Aim of the exercise
Print this span of the material below exactly: the line with "#216=CARTESIAN_POINT('',(3.535,0.,-0.275));", the line with "#225=LINE('',#224,#223);", and every line between them, but nothing else.

Extracted records
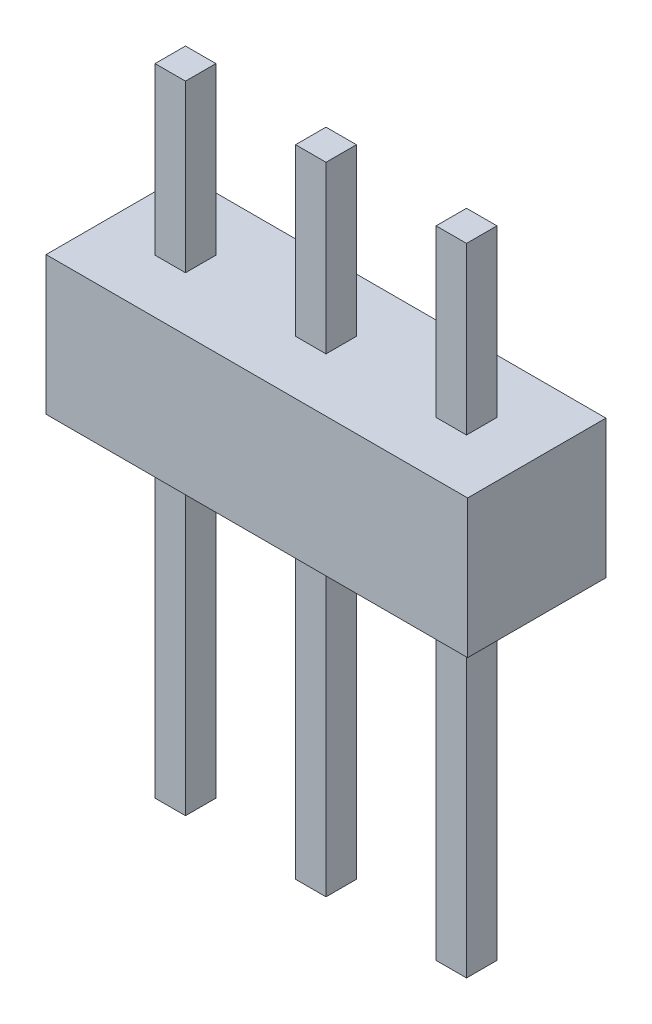
ISO-10303-21;
HEADER;
FILE_DESCRIPTION(('STEP AP214'),'2;1');
FILE_NAME('part.step','',(''),(''),'','','');
FILE_SCHEMA(('AUTOMOTIVE_DESIGN { 1 0 10303 214 1 1 1 1 }'));
ENDSEC;
DATA;
#1=APPLICATION_CONTEXT('core data for automotive mechanical design processes');
#2=APPLICATION_PROTOCOL_DEFINITION('international standard','automotive_design',2000,#1);
#3=PRODUCT_CONTEXT('',#1,'mechanical');
#4=PRODUCT('Part','Part','',(#3));
#5=PRODUCT_RELATED_PRODUCT_CATEGORY('part','',(#4));
#6=PRODUCT_DEFINITION_FORMATION('','',#4);
#7=PRODUCT_DEFINITION_CONTEXT('part definition',#1,'design');
#8=PRODUCT_DEFINITION('design','',#6,#7);
#9=PRODUCT_DEFINITION_SHAPE('','',#8);
#10=(LENGTH_UNIT() NAMED_UNIT(*) SI_UNIT(.MILLI.,.METRE.));
#11=(NAMED_UNIT(*) PLANE_ANGLE_UNIT() SI_UNIT($,.RADIAN.));
#12=(NAMED_UNIT(*) SI_UNIT($,.STERADIAN.) SOLID_ANGLE_UNIT());
#13=UNCERTAINTY_MEASURE_WITH_UNIT(LENGTH_MEASURE(1.E-05),#10,'distance_accuracy_value','');
#14=(GEOMETRIC_REPRESENTATION_CONTEXT(3) GLOBAL_UNCERTAINTY_ASSIGNED_CONTEXT((#13)) GLOBAL_UNIT_ASSIGNED_CONTEXT((#10,
#11,#12)) REPRESENTATION_CONTEXT('',''));
#15=CARTESIAN_POINT('',(0.,0.,0.));
#16=DIRECTION('',(0.,0.,1.));
#17=DIRECTION('',(1.,0.,0.));
#18=AXIS2_PLACEMENT_3D('',#15,#16,#17);
#19=CARTESIAN_POINT('',(6.625,5.5,-0.275));
#20=DIRECTION('',(1.,0.,0.));
#21=DIRECTION('',(0.,0.,-1.));
#22=AXIS2_PLACEMENT_3D('',#19,#20,#21);
#23=PLANE('',#22);
#24=DIRECTION('',(0.,0.,1.));
#25=VECTOR('',#24,1.);
#26=CARTESIAN_POINT('',(6.625,0.,-0.275));
#27=LINE('',#26,#25);
#28=CARTESIAN_POINT('',(6.625,0.,-0.275));
#29=VERTEX_POINT('',#28);
#30=CARTESIAN_POINT('',(6.625,0.,0.275));
#31=VERTEX_POINT('',#30);
#32=EDGE_CURVE('E107',#29,#31,#27,.T.);
#33=ORIENTED_EDGE('',*,*,#32,.F.);
#34=DIRECTION('',(0.,-1.,0.));
#35=VECTOR('',#34,1.);
#36=CARTESIAN_POINT('',(6.625,5.5,-0.275));
#37=LINE('',#36,#35);
#38=CARTESIAN_POINT('',(6.625,5.5,-0.275));
#39=VERTEX_POINT('',#38);
#40=EDGE_CURVE('E12',#39,#29,#37,.T.);
#41=ORIENTED_EDGE('',*,*,#40,.F.);
#42=DIRECTION('',(0.,0.,1.));
#43=VECTOR('',#42,1.);
#44=CARTESIAN_POINT('',(6.625,5.5,-0.275));
#45=LINE('',#44,#43);
#46=CARTESIAN_POINT('',(6.625,5.5,0.275));
#47=VERTEX_POINT('',#46);
#48=EDGE_CURVE('E101',#39,#47,#45,.T.);
#49=ORIENTED_EDGE('',*,*,#48,.T.);
#50=DIRECTION('',(0.,-1.,0.));
#51=VECTOR('',#50,1.);
#52=CARTESIAN_POINT('',(6.625,5.5,0.275));
#53=LINE('',#52,#51);
#54=EDGE_CURVE('E46',#47,#31,#53,.T.);
#55=ORIENTED_EDGE('',*,*,#54,.T.);
#56=EDGE_LOOP('',(#33,#41,#49,#55));
#57=FACE_BOUND('',#56,.T.);
#58=ADVANCED_FACE('F43',(#57),#23,.T.);
#59=CARTESIAN_POINT('',(6.075,5.5,-0.275));
#60=DIRECTION('',(0.,0.,-1.));
#61=DIRECTION('',(-1.,0.,0.));
#62=AXIS2_PLACEMENT_3D('',#59,#60,#61);
#63=PLANE('',#62);
#64=DIRECTION('',(1.,0.,0.));
#65=VECTOR('',#64,1.);
#66=CARTESIAN_POINT('',(6.075,0.,-0.275));
#67=LINE('',#66,#65);
#68=CARTESIAN_POINT('',(6.075,0.,-0.275));
#69=VERTEX_POINT('',#68);
#70=EDGE_CURVE('E103',#69,#29,#67,.T.);
#71=ORIENTED_EDGE('',*,*,#70,.F.);
#72=DIRECTION('',(0.,-1.,0.));
#73=VECTOR('',#72,1.);
#74=CARTESIAN_POINT('',(6.075,5.5,-0.275));
#75=LINE('',#74,#73);
#76=CARTESIAN_POINT('',(6.075,5.5,-0.275));
#77=VERTEX_POINT('',#76);
#78=EDGE_CURVE('E52',#77,#69,#75,.T.);
#79=ORIENTED_EDGE('',*,*,#78,.F.);
#80=DIRECTION('',(1.,0.,0.));
#81=VECTOR('',#80,1.);
#82=CARTESIAN_POINT('',(6.075,5.5,-0.275));
#83=LINE('',#82,#81);
#84=EDGE_CURVE('E98',#77,#39,#83,.T.);
#85=ORIENTED_EDGE('',*,*,#84,.T.);
#86=ORIENTED_EDGE('',*,*,#40,.T.);
#87=EDGE_LOOP('',(#71,#79,#85,#86));
#88=FACE_BOUND('',#87,.T.);
#89=ADVANCED_FACE('F117',(#88),#63,.T.);
#90=CARTESIAN_POINT('',(6.075,5.5,-0.275));
#91=DIRECTION('',(-1.,0.,0.));
#92=DIRECTION('',(0.,0.,1.));
#93=AXIS2_PLACEMENT_3D('',#90,#91,#92);
#94=PLANE('',#93);
#95=DIRECTION('',(0.,0.,-1.));
#96=VECTOR('',#95,1.);
#97=CARTESIAN_POINT('',(6.075,0.,-0.275));
#98=LINE('',#97,#96);
#99=CARTESIAN_POINT('',(6.075,0.,0.275));
#100=VERTEX_POINT('',#99);
#101=EDGE_CURVE('E93',#100,#69,#98,.T.);
#102=ORIENTED_EDGE('',*,*,#101,.F.);
#103=DIRECTION('',(0.,-1.,0.));
#104=VECTOR('',#103,1.);
#105=CARTESIAN_POINT('',(6.075,5.5,0.275));
#106=LINE('',#105,#104);
#107=CARTESIAN_POINT('',(6.075,5.5,0.275));
#108=VERTEX_POINT('',#107);
#109=EDGE_CURVE('E88',#108,#100,#106,.T.);
#110=ORIENTED_EDGE('',*,*,#109,.F.);
#111=DIRECTION('',(0.,0.,-1.));
#112=VECTOR('',#111,1.);
#113=CARTESIAN_POINT('',(6.075,5.5,-0.275));
#114=LINE('',#113,#112);
#115=EDGE_CURVE('E91',#108,#77,#114,.T.);
#116=ORIENTED_EDGE('',*,*,#115,.T.);
#117=ORIENTED_EDGE('',*,*,#78,.T.);
#118=EDGE_LOOP('',(#102,#110,#116,#117));
#119=FACE_BOUND('',#118,.T.);
#120=ADVANCED_FACE('F90',(#119),#94,.T.);
#121=CARTESIAN_POINT('',(6.075,5.5,0.275));
#122=DIRECTION('',(0.,0.,1.));
#123=DIRECTION('',(1.,0.,0.));
#124=AXIS2_PLACEMENT_3D('',#121,#122,#123);
#125=PLANE('',#124);
#126=DIRECTION('',(-1.,0.,0.));
#127=VECTOR('',#126,1.);
#128=CARTESIAN_POINT('',(6.075,0.,0.275));
#129=LINE('',#128,#127);
#130=EDGE_CURVE('E110',#31,#100,#129,.T.);
#131=ORIENTED_EDGE('',*,*,#130,.F.);
#132=ORIENTED_EDGE('',*,*,#54,.F.);
#133=DIRECTION('',(-1.,0.,0.));
#134=VECTOR('',#133,1.);
#135=CARTESIAN_POINT('',(6.075,5.5,0.275));
#136=LINE('',#135,#134);
#137=EDGE_CURVE('E97',#47,#108,#136,.T.);
#138=ORIENTED_EDGE('',*,*,#137,.T.);
#139=ORIENTED_EDGE('',*,*,#109,.T.);
#140=EDGE_LOOP('',(#131,#132,#138,#139));
#141=FACE_BOUND('',#140,.T.);
#142=ADVANCED_FACE('F100',(#141),#125,.T.);
#143=CARTESIAN_POINT('',(0.,5.5,0.));
#144=DIRECTION('',(0.,1.,0.));
#145=DIRECTION('',(0.,0.,1.));
#146=AXIS2_PLACEMENT_3D('',#143,#144,#145);
#147=PLANE('',#146);
#148=ORIENTED_EDGE('',*,*,#48,.F.);
#149=ORIENTED_EDGE('',*,*,#84,.F.);
#150=ORIENTED_EDGE('',*,*,#115,.F.);
#151=ORIENTED_EDGE('',*,*,#137,.F.);
#152=EDGE_LOOP('',(#148,#149,#150,#151));
#153=FACE_BOUND('',#152,.T.);
#154=ADVANCED_FACE('F96',(#153),#147,.T.);
#155=CARTESIAN_POINT('',(0.,0.,0.));
#156=DIRECTION('',(0.,1.,0.));
#157=DIRECTION('',(0.,0.,1.));
#158=AXIS2_PLACEMENT_3D('',#155,#156,#157);
#159=PLANE('',#158);
#160=ORIENTED_EDGE('',*,*,#32,.T.);
#161=ORIENTED_EDGE('',*,*,#130,.T.);
#162=ORIENTED_EDGE('',*,*,#101,.T.);
#163=ORIENTED_EDGE('',*,*,#70,.T.);
#164=EDGE_LOOP('',(#160,#161,#162,#163));
#165=FACE_BOUND('',#164,.T.);
#166=ADVANCED_FACE('F116',(#165),#159,.F.);
#167=CLOSED_SHELL('',(#58,#89,#120,#142,#154,#166));
#168=MANIFOLD_SOLID_BREP('B2',#167);
#169=CARTESIAN_POINT('',(4.085,5.5,-0.275));
#170=DIRECTION('',(1.,0.,0.));
#171=DIRECTION('',(0.,0.,-1.));
#172=AXIS2_PLACEMENT_3D('',#169,#170,#171);
#173=PLANE('',#172);
#174=DIRECTION('',(0.,0.,1.));
#175=VECTOR('',#174,1.);
#176=CARTESIAN_POINT('',(4.085,0.,-0.275));
#177=LINE('',#176,#175);
#178=CARTESIAN_POINT('',(4.085,0.,-0.275));
#179=VERTEX_POINT('',#178);
#180=CARTESIAN_POINT('',(4.085,0.,0.275));
#181=VERTEX_POINT('',#180);
#182=EDGE_CURVE('E240',#179,#181,#177,.T.);
#183=ORIENTED_EDGE('',*,*,#182,.F.);
#184=DIRECTION('',(0.,-1.,0.));
#185=VECTOR('',#184,1.);
#186=CARTESIAN_POINT('',(4.085,5.5,-0.275));
#187=LINE('',#186,#185);
#188=CARTESIAN_POINT('',(4.085,5.5,-0.275));
#189=VERTEX_POINT('',#188);
#190=EDGE_CURVE('E41',#189,#179,#187,.T.);
#191=ORIENTED_EDGE('',*,*,#190,.F.);
#192=DIRECTION('',(0.,0.,1.));
#193=VECTOR('',#192,1.);
#194=CARTESIAN_POINT('',(4.085,5.5,-0.275));
#195=LINE('',#194,#193);
#196=CARTESIAN_POINT('',(4.085,5.5,0.275));
#197=VERTEX_POINT('',#196);
#198=EDGE_CURVE('E234',#189,#197,#195,.T.);
#199=ORIENTED_EDGE('',*,*,#198,.T.);
#200=DIRECTION('',(0.,-1.,0.));
#201=VECTOR('',#200,1.);
#202=CARTESIAN_POINT('',(4.085,5.5,0.275));
#203=LINE('',#202,#201);
#204=EDGE_CURVE('E179',#197,#181,#203,.T.);
#205=ORIENTED_EDGE('',*,*,#204,.T.);
#206=EDGE_LOOP('',(#183,#191,#199,#205));
#207=FACE_BOUND('',#206,.T.);
#208=ADVANCED_FACE('F176',(#207),#173,.T.);
#209=CARTESIAN_POINT('',(3.535,5.5,-0.275));
#210=DIRECTION('',(0.,0.,-1.));
#211=DIRECTION('',(-1.,0.,0.));
#212=AXIS2_PLACEMENT_3D('',#209,#210,#211);
#213=PLANE('',#212);
#214=DIRECTION('',(1.,0.,0.));
#215=VECTOR('',#214,1.);
#216=CARTESIAN_POINT('',(3.535,0.,-0.275));
#217=LINE('',#216,#215);
#218=CARTESIAN_POINT('',(3.535,0.,-0.275));
#219=VERTEX_POINT('',#218);
#220=EDGE_CURVE('E236',#219,#179,#217,.T.);
#221=ORIENTED_EDGE('',*,*,#220,.F.);
#222=DIRECTION('',(0.,-1.,0.));
#223=VECTOR('',#222,1.);
#224=CARTESIAN_POINT('',(3.535,5.5,-0.275));
#225=LINE('',#224,#223);
#226=CARTESIAN_POINT('',(3.535,5.5,-0.275));
#227=VERTEX_POINT('',#226);
#228=EDGE_CURVE('E185',#227,#219,#225,.T.);
#229=ORIENTED_EDGE('',*,*,#228,.F.);
#230=DIRECTION('',(1.,0.,0.));
#231=VECTOR('',#230,1.);
#232=CARTESIAN_POINT('',(3.535,5.5,-0.275));
#233=LINE('',#232,#231);
#234=EDGE_CURVE('E231',#227,#189,#233,.T.);
#235=ORIENTED_EDGE('',*,*,#234,.T.);
#236=ORIENTED_EDGE('',*,*,#190,.T.);
#237=EDGE_LOOP('',(#221,#229,#235,#236));
#238=FACE_BOUND('',#237,.T.);
#239=ADVANCED_FACE('F250',(#238),#213,.T.);
#240=CARTESIAN_POINT('',(3.535,5.5,-0.275));
#241=DIRECTION('',(-1.,0.,0.));
#242=DIRECTION('',(0.,0.,1.));
#243=AXIS2_PLACEMENT_3D('',#240,#241,#242);
#244=PLANE('',#243);
#245=DIRECTION('',(0.,0.,-1.));
#246=VECTOR('',#245,1.);
#247=CARTESIAN_POINT('',(3.535,0.,-0.275));
#248=LINE('',#247,#246);
#249=CARTESIAN_POINT('',(3.535,0.,0.275));
#250=VERTEX_POINT('',#249);
#251=EDGE_CURVE('E226',#250,#219,#248,.T.);
#252=ORIENTED_EDGE('',*,*,#251,.F.);
#253=DIRECTION('',(0.,-1.,0.));
#254=VECTOR('',#253,1.);
#255=CARTESIAN_POINT('',(3.535,5.5,0.275));
#256=LINE('',#255,#254);
#257=CARTESIAN_POINT('',(3.535,5.5,0.275));
#258=VERTEX_POINT('',#257);
#259=EDGE_CURVE('E221',#258,#250,#256,.T.);
#260=ORIENTED_EDGE('',*,*,#259,.F.);
#261=DIRECTION('',(0.,0.,-1.));
#262=VECTOR('',#261,1.);
#263=CARTESIAN_POINT('',(3.535,5.5,-0.275));
#264=LINE('',#263,#262);
#265=EDGE_CURVE('E224',#258,#227,#264,.T.);
#266=ORIENTED_EDGE('',*,*,#265,.T.);
#267=ORIENTED_EDGE('',*,*,#228,.T.);
#268=EDGE_LOOP('',(#252,#260,#266,#267));
#269=FACE_BOUND('',#268,.T.);
#270=ADVANCED_FACE('F223',(#269),#244,.T.);
#271=CARTESIAN_POINT('',(3.535,5.5,0.275));
#272=DIRECTION('',(0.,0.,1.));
#273=DIRECTION('',(1.,0.,0.));
#274=AXIS2_PLACEMENT_3D('',#271,#272,#273);
#275=PLANE('',#274);
#276=DIRECTION('',(-1.,0.,0.));
#277=VECTOR('',#276,1.);
#278=CARTESIAN_POINT('',(3.535,0.,0.275));
#279=LINE('',#278,#277);
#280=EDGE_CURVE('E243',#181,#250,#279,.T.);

Worked solution
#216=CARTESIAN_POINT('',(3.535,0.,-0.275));
#217=LINE('',#216,#215);
#218=CARTESIAN_POINT('',(3.535,0.,-0.275));
#219=VERTEX_POINT('',#218);
#220=EDGE_CURVE('E236',#219,#179,#217,.T.);
#221=ORIENTED_EDGE('',*,*,#220,.F.);
#222=DIRECTION('',(0.,-1.,0.));
#223=VECTOR('',#222,1.);
#224=CARTESIAN_POINT('',(3.535,5.5,-0.275));
#225=LINE('',#224,#223);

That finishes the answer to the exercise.